(Dataset records Opens)

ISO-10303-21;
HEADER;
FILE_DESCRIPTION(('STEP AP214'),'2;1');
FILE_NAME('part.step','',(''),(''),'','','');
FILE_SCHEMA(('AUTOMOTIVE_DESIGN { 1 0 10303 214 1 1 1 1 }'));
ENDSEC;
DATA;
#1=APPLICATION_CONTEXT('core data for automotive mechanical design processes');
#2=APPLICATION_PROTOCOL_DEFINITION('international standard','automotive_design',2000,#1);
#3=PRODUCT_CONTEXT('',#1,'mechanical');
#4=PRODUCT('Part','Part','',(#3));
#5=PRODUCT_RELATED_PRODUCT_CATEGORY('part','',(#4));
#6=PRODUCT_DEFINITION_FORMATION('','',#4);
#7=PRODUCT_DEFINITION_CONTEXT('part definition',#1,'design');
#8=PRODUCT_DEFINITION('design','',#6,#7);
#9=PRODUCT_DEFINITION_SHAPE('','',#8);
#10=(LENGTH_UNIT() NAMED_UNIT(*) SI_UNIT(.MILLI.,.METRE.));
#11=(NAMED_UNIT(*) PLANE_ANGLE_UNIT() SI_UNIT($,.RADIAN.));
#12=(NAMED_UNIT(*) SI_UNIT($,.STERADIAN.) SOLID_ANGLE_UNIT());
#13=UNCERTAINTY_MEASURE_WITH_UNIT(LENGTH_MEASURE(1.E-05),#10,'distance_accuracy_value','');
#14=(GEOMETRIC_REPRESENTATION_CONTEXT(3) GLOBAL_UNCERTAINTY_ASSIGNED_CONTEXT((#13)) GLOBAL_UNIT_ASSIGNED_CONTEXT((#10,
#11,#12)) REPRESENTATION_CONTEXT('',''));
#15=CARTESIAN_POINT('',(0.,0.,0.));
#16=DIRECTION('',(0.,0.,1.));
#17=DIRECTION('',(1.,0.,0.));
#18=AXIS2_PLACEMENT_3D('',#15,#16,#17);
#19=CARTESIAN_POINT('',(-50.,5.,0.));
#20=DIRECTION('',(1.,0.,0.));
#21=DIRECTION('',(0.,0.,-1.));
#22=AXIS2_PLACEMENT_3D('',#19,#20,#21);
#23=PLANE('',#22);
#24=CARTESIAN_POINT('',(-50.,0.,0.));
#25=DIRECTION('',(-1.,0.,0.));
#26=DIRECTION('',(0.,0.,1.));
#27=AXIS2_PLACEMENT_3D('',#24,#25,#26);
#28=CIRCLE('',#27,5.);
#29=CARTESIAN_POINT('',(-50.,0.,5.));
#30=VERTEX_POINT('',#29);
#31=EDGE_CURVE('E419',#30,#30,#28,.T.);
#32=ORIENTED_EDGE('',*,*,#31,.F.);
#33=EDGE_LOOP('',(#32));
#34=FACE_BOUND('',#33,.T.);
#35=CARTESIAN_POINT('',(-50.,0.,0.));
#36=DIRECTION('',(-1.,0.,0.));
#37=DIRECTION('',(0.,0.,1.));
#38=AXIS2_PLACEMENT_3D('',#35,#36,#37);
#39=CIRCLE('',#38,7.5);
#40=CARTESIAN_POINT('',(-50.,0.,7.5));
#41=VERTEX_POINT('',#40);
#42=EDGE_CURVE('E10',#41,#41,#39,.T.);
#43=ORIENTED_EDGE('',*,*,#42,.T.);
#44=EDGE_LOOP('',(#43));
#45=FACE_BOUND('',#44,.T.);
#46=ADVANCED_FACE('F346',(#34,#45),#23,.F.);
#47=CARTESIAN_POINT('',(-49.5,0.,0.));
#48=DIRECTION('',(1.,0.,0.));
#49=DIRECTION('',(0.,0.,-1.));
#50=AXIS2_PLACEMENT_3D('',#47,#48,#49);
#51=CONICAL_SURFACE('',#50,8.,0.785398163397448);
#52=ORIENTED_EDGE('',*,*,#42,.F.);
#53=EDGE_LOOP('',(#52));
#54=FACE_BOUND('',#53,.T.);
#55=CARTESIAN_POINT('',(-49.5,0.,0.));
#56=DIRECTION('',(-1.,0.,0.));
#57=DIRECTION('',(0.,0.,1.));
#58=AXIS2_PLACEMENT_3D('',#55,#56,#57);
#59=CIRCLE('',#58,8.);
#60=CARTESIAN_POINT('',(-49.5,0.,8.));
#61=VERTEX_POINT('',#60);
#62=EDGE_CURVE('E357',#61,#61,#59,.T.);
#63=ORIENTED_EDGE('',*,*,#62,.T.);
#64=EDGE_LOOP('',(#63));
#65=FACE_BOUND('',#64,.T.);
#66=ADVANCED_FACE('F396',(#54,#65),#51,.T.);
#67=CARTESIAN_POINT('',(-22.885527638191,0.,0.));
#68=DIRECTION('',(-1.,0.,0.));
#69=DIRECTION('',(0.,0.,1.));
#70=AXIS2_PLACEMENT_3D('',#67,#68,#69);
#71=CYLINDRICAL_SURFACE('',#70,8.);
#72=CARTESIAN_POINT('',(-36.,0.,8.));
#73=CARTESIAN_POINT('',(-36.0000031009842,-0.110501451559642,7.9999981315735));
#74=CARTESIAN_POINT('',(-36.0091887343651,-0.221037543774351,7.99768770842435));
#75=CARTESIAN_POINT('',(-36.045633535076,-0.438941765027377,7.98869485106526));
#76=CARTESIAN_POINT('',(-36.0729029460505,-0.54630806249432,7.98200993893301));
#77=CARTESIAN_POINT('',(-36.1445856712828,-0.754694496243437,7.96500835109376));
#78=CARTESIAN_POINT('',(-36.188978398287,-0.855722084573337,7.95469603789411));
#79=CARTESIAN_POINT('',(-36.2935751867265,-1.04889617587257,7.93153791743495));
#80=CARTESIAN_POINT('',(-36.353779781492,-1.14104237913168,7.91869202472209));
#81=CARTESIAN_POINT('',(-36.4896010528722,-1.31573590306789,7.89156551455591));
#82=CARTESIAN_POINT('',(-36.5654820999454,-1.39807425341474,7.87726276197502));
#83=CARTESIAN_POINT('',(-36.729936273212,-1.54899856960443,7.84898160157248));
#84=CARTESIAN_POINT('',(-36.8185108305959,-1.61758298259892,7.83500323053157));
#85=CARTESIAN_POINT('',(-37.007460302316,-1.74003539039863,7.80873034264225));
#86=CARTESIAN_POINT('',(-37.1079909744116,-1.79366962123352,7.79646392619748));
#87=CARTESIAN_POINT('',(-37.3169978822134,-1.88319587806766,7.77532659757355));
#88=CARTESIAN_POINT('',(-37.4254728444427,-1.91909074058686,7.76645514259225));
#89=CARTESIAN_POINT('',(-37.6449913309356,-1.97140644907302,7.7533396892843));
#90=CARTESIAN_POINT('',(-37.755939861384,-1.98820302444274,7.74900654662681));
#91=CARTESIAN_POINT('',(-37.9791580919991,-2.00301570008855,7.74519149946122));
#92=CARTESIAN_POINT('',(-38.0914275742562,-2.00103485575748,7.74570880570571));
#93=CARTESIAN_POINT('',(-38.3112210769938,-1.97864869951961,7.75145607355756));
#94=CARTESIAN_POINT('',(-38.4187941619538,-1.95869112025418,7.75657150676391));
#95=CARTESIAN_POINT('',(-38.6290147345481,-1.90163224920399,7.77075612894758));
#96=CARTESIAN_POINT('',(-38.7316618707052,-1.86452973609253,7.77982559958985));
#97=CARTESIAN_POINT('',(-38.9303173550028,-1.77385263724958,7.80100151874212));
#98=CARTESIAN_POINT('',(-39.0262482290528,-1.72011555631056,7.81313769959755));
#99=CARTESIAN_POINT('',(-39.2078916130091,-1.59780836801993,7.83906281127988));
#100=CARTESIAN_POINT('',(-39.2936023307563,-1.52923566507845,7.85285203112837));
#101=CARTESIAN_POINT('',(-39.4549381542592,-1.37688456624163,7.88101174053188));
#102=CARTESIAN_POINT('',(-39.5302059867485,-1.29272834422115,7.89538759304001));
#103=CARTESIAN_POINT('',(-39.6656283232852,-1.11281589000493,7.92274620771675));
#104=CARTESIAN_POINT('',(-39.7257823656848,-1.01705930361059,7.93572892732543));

(Dataset records Closes)

_Work order_: Go through the material above, and wherever a line contains the string "CIRCLE", return it.

_Output of the task_:
#28=CIRCLE('',#27,5.);
#39=CIRCLE('',#38,7.5);
#59=CIRCLE('',#58,8.);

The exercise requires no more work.